• RECORDS FOR THIS EXERCISE:

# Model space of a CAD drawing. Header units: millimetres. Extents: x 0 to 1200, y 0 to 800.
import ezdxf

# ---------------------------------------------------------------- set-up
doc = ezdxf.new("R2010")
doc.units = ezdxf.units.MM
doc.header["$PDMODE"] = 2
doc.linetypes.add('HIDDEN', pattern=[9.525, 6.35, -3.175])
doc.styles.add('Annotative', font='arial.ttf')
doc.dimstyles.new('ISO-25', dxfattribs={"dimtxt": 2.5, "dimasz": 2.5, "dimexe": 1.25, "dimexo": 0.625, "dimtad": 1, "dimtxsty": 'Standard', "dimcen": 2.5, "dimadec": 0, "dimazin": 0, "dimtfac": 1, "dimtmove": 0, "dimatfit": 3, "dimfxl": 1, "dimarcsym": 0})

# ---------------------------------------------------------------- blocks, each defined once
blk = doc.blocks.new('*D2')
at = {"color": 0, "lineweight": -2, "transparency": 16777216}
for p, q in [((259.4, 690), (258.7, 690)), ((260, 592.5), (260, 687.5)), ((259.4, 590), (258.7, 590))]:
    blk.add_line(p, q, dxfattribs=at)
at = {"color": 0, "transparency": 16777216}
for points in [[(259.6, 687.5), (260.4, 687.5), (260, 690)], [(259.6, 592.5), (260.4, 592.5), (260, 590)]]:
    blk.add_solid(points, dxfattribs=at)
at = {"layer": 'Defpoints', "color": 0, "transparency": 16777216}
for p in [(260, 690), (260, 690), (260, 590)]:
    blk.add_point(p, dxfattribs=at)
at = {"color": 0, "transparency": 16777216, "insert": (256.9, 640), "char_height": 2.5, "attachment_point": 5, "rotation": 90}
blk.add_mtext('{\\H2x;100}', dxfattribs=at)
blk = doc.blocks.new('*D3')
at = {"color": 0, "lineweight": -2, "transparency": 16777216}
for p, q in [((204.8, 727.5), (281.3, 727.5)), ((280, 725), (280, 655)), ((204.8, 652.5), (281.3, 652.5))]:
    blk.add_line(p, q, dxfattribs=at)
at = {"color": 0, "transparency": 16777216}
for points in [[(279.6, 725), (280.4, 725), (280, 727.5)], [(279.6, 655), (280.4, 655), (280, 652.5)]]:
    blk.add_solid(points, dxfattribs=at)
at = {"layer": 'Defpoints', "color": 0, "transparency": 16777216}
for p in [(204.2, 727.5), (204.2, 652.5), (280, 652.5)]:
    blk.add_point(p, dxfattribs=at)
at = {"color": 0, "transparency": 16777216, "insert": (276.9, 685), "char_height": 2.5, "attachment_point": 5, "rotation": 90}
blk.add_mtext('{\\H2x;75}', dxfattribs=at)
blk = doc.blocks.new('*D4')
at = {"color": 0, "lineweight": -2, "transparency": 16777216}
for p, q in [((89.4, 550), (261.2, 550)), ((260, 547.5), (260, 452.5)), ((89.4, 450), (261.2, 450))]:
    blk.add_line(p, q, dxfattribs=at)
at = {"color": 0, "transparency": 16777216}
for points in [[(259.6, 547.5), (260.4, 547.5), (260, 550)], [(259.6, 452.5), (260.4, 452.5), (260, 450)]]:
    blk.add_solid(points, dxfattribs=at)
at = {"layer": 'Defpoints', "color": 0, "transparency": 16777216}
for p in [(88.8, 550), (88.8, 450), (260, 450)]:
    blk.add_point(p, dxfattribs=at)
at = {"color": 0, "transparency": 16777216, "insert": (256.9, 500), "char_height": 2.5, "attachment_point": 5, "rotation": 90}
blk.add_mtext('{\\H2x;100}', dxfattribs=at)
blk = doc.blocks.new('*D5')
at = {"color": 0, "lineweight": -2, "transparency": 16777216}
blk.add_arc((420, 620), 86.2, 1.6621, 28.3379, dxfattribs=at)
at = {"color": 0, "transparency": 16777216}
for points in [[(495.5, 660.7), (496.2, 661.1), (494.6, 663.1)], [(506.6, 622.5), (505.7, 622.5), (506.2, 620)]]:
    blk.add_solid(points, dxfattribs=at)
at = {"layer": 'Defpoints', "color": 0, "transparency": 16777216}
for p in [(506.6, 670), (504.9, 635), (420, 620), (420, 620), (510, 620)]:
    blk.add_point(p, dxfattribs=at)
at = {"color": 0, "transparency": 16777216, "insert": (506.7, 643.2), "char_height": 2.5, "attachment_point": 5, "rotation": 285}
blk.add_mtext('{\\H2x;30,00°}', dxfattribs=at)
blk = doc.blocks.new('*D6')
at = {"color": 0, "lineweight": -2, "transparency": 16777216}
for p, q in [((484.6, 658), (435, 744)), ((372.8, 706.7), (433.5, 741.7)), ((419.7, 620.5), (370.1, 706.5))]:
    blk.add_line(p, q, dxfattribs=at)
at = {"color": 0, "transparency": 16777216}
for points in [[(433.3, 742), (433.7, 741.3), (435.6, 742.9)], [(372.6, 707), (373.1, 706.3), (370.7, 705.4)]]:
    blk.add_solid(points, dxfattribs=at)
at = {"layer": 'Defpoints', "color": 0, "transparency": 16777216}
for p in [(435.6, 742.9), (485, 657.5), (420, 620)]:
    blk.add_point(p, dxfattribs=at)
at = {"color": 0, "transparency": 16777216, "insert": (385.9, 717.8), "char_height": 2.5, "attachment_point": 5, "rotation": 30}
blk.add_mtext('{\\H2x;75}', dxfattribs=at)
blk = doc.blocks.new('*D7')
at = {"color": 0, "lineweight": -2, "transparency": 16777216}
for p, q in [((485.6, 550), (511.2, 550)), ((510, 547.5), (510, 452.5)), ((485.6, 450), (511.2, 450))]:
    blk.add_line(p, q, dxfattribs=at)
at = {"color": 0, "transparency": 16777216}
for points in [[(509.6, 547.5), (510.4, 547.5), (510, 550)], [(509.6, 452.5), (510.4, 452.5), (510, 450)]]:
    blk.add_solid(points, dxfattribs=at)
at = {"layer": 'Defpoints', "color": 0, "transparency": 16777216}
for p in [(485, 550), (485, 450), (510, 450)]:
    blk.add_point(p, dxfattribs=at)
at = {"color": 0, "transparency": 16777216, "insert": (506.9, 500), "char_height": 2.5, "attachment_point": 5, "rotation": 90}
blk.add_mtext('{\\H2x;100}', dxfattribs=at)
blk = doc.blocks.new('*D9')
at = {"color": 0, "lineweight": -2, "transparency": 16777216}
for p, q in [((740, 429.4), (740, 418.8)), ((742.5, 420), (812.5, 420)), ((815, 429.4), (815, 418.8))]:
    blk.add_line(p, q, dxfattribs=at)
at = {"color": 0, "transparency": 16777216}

• INSTRUCTIONS TO FOLLOW: Above are some records; copy each line there that contains "blocks".

• RESPONSE:
# ---------------------------------------------------------------- blocks, each defined once
blk = doc.blocks.new('*D2')
blk = doc.blocks.new('*D3')
blk = doc.blocks.new('*D4')
blk = doc.blocks.new('*D5')
blk = doc.blocks.new('*D6')
blk = doc.blocks.new('*D7')
blk = doc.blocks.new('*D9')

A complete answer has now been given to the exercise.